University of Twente


Praatjes in 1998 | 1999 | 2000 | 2001 | 2002 | 2003 |

''Parlepraatjes'' are the group's weekly colloquium talks held on mondays at 15:45 h. in room INF 2126.

27/10/03 Martijn van Otterlo A Talk about my Ongoing Research

Martijn van Otterlo

Reinforcement learning (RL) is the main learning paradigm for behavior learning. Reinforcement learning amounts to learning actions to achieve goals, and where actions are rewarded (or punished) during learning. By learning how to maximize the rewards the agent gets, it can learn how to solve tasks. For multi-agent systems, reinforcement learning is the main paradigm as well.

One of the main problems in RL is the 'generalization problem'. How can the agent transfer learned knowledge to 'similar' situations.
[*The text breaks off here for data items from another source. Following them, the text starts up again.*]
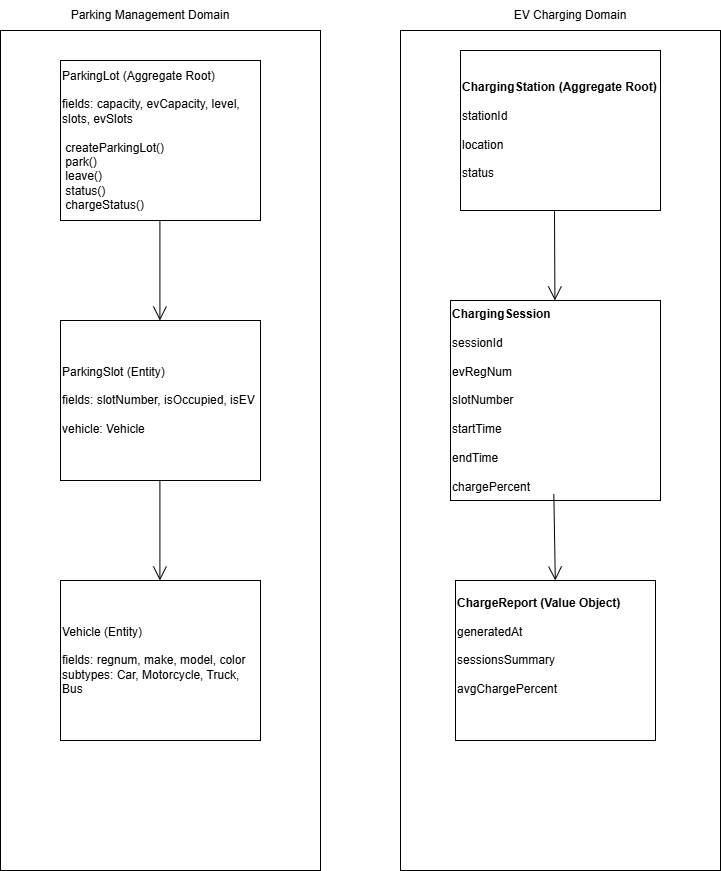

The diagram above was exported from draw.io. Its source (the exported page's mxGraphModel, read from the mxfile embedded in the PNG):
<mxGraphModel dx="1141" dy="622" grid="1" gridSize="10" guides="1" tooltips="1" connect="1" arrows="1" fold="1" page="1" pageScale="1" pageWidth="850" pageHeight="1100" math="0" shadow="0">
  <root>
    <mxCell id="0" />
    <mxCell id="1" parent="0" />
    <mxCell id="1mKaNVjFyxuvnRl66DIT-1" parent="1" style="rounded=0;whiteSpace=wrap;html=1;" value="" vertex="1">
      <mxGeometry height="840" width="320" x="440" y="40" as="geometry" />
    </mxCell>
    <mxCell id="1mKaNVjFyxuvnRl66DIT-2" parent="1" style="rounded=0;whiteSpace=wrap;html=1;" value="" vertex="1">
      <mxGeometry height="840" width="320" x="40" y="40" as="geometry" />
    </mxCell>
    <mxCell id="1mKaNVjFyxuvnRl66DIT-3" parent="1" style="text;html=1;whiteSpace=wrap;strokeColor=none;fillColor=none;align=center;verticalAlign=middle;rounded=0;" value="Parking Management Domain" vertex="1">
      <mxGeometry height="30" width="220" x="80" y="10" as="geometry" />
    </mxCell>
    <mxCell id="1mKaNVjFyxuvnRl66DIT-17" parent="1" style="rounded=0;whiteSpace=wrap;html=1;align=left;" value="Vehicle (Entity)&lt;br&gt;&lt;br&gt;fields: regnum, make, model, color&lt;br&gt;&lt;div style=&quot;&quot;&gt;&lt;span style=&quot;background-color: transparent; color: light-dark(rgb(0, 0, 0), rgb(255, 255, 255));&quot;&gt;subtypes: Car, Motorcycle, Truck, Bus&lt;/span&gt;&lt;/div&gt;" vertex="1">
      <mxGeometry height="160" width="200" x="100" y="590" as="geometry" />
    </mxCell>
    <mxCell id="1mKaNVjFyxuvnRl66DIT-18" parent="1" style="rounded=0;whiteSpace=wrap;html=1;align=left;" value="&lt;p data-start=&quot;437&quot; data-end=&quot;528&quot;&gt;&lt;strong data-start=&quot;437&quot; data-end=&quot;475&quot;&gt;ChargeReport (Value Object)&lt;/strong&gt;&lt;br data-start=&quot;475&quot; data-end=&quot;478&quot;&gt;&lt;br/&gt;generatedAt&lt;br data-start=&quot;489&quot; data-end=&quot;492&quot;&gt;&lt;br/&gt;sessionsSummary&lt;br data-start=&quot;507&quot; data-end=&quot;510&quot;&gt;&lt;br/&gt;avgChargePercent&lt;/p&gt;&lt;br/&gt;&lt;h3 data-start=&quot;530&quot; data-end=&quot;560&quot;&gt;&lt;/h3&gt;" vertex="1">
      <mxGeometry height="160" width="200" x="495" y="590" as="geometry" />
    </mxCell>
    <mxCell id="1mKaNVjFyxuvnRl66DIT-20" parent="1" style="rounded=0;whiteSpace=wrap;html=1;align=left;" value="&lt;font&gt;&lt;strong data-start=&quot;333&quot; data-end=&quot;359&quot;&gt;ChargingSession&lt;/strong&gt;&lt;br data-start=&quot;359&quot; data-end=&quot;362&quot;&gt;&lt;br&gt;sessionId&lt;br data-start=&quot;371&quot; data-end=&quot;374&quot;&gt;&lt;br&gt;evRegNum&lt;br data-start=&quot;382&quot; data-end=&quot;385&quot;&gt;&lt;br&gt;slotNumber&lt;br data-start=&quot;395&quot; data-end=&quot;398&quot;&gt;&lt;br&gt;startTime&lt;br data-start=&quot;407&quot; data-end=&quot;410&quot;&gt;&lt;br&gt;endTime&lt;br data-start=&quot;417&quot; data-end=&quot;420&quot;&gt;&lt;br&gt;chargePercent&lt;/font&gt;" vertex="1">
      <mxGeometry height="200" width="210" x="490" y="310" as="geometry" />
    </mxCell>
    <mxCell id="1mKaNVjFyxuvnRl66DIT-21" parent="1" style="rounded=0;whiteSpace=wrap;html=1;align=left;" value="ParkingLot (Aggregate Root)&lt;br&gt;&lt;br&gt;fields: capacity, evCapacity, level, slots, evSlots&lt;br&gt;&lt;br&gt;&amp;nbsp;createParkingLot()&lt;div&gt;&amp;nbsp;park()&lt;/div&gt;&lt;div&gt;&amp;nbsp;leave()&lt;/div&gt;&lt;div&gt;&amp;nbsp;status()&lt;/div&gt;&lt;div&gt;&amp;nbsp;chargeStatus()&lt;/div&gt;" vertex="1">
      <mxGeometry height="160" width="200" x="100" y="70" as="geometry" />
    </mxCell>
    <mxCell id="1mKaNVjFyxuvnRl66DIT-22" parent="1" style="rounded=0;whiteSpace=wrap;html=1;align=left;" value="ParkingSlot (Entity)&amp;nbsp;&lt;div&gt;&lt;i&gt;&lt;br&gt;&lt;/i&gt;fields: slotNumber, isOccupied, isEV&lt;br&gt;&lt;br&gt;vehicle: Vehicle&lt;/div&gt;" vertex="1">
      <mxGeometry height="160" width="200" x="100" y="330" as="geometry" />
    </mxCell>
    <mxCell id="1mKaNVjFyxuvnRl66DIT-23" parent="1" style="text;html=1;whiteSpace=wrap;strokeColor=none;fillColor=none;align=center;verticalAlign=middle;rounded=0;" value="EV Charging Domain" vertex="1">
      <mxGeometry height="30" width="160" x="530" y="10" as="geometry" />
    </mxCell>
    <mxCell id="1mKaNVjFyxuvnRl66DIT-27" edge="1" parent="1" style="endArrow=open;endFill=1;endSize=12;html=1;rounded=0;" value="">
      <mxGeometry relative="1" width="160" as="geometry">
        <mxPoint x="199.41000000000003" y="490" as="sourcePoint" />
        <mxPoint x="199.41000000000003" y="590" as="targetPoint" />
      </mxGeometry>
    </mxCell>
    <mxCell id="1mKaNVjFyxuvnRl66DIT-28" edge="1" parent="1" style="endArrow=open;endFill=1;endSize=12;html=1;rounded=0;" value="">
      <mxGeometry relative="1" width="160" as="geometry">
        <mxPoint x="199.41" y="230" as="sourcePoint" />
        <mxPoint x="199.41" y="330" as="targetPoint" />
      </mxGeometry>
    </mxCell>
    <mxCell id="1mKaNVjFyxuvnRl66DIT-29" parent="1" style="rounded=0;whiteSpace=wrap;html=1;align=left;" value="&lt;strong data-start=&quot;254&quot; data-end=&quot;297&quot;&gt;ChargingStation (Aggregate Root)&lt;/strong&gt;&lt;br data-start=&quot;297&quot; data-end=&quot;300&quot;&gt;&lt;br/&gt;stationId&lt;br data-start=&quot;309&quot; data-end=&quot;312&quot;&gt;&lt;br/&gt;location&lt;br data-start=&quot;320&quot; data-end=&quot;323&quot;&gt;&lt;br/&gt;status" vertex="1">
      <mxGeometry height="160" width="200" x="500" y="60" as="geometry" />
    </mxCell>
    <mxCell id="1mKaNVjFyxuvnRl66DIT-30" edge="1" parent="1" style="endArrow=open;endFill=1;endSize=12;html=1;rounded=0;" value="">
      <mxGeometry relative="1" width="160" as="geometry">
        <mxPoint x="594" y="220" as="sourcePoint" />
        <mxPoint x="594.41" y="310" as="targetPoint" />
      </mxGeometry>
    </mxCell>
    <mxCell id="1mKaNVjFyxuvnRl66DIT-31" edge="1" parent="1" source="1mKaNVjFyxuvnRl66DIT-20" style="endArrow=open;endFill=1;endSize=12;html=1;rounded=0;exitX=0.492;exitY=0.968;exitDx=0;exitDy=0;exitPerimeter=0;" value="">
      <mxGeometry relative="1" width="160" as="geometry">
        <mxPoint x="594.41" y="520" as="sourcePoint" />
        <mxPoint x="594.8199999999999" y="590" as="targetPoint" />
      </mxGeometry>
    </mxCell>
  </root>
</mxGraphModel>

For example, if the agent can learn how to play the game 'Go' on a 9x9 board, how can it use this knowledge for 19x19 boards? And first of all, how can it use a learned move on the bottom of the board for basically the same move on the top of the board? Usually generalization is done using neural networks, decision trees and other generalizers from machine learning.

In recent years, new forms of generalization are being researched. Hierarchical RL focuses on the structure of tasks. So, if an agent has learned a skill for moving from one room to another, it can reuse this for another learning task which involves - as a subtask - moving from one place to another. Another new form of generalization is the use of more powerful representation languages, such as first-order logic.

In this talk I will introduce this new research direction, sketch some of its problems and I will present one of my own endeavours in this field; a method called CARCASS that enables the specification of the learning problem in (a subset of) first-order logic, and the application of RL algorithms to learn abstract strategies.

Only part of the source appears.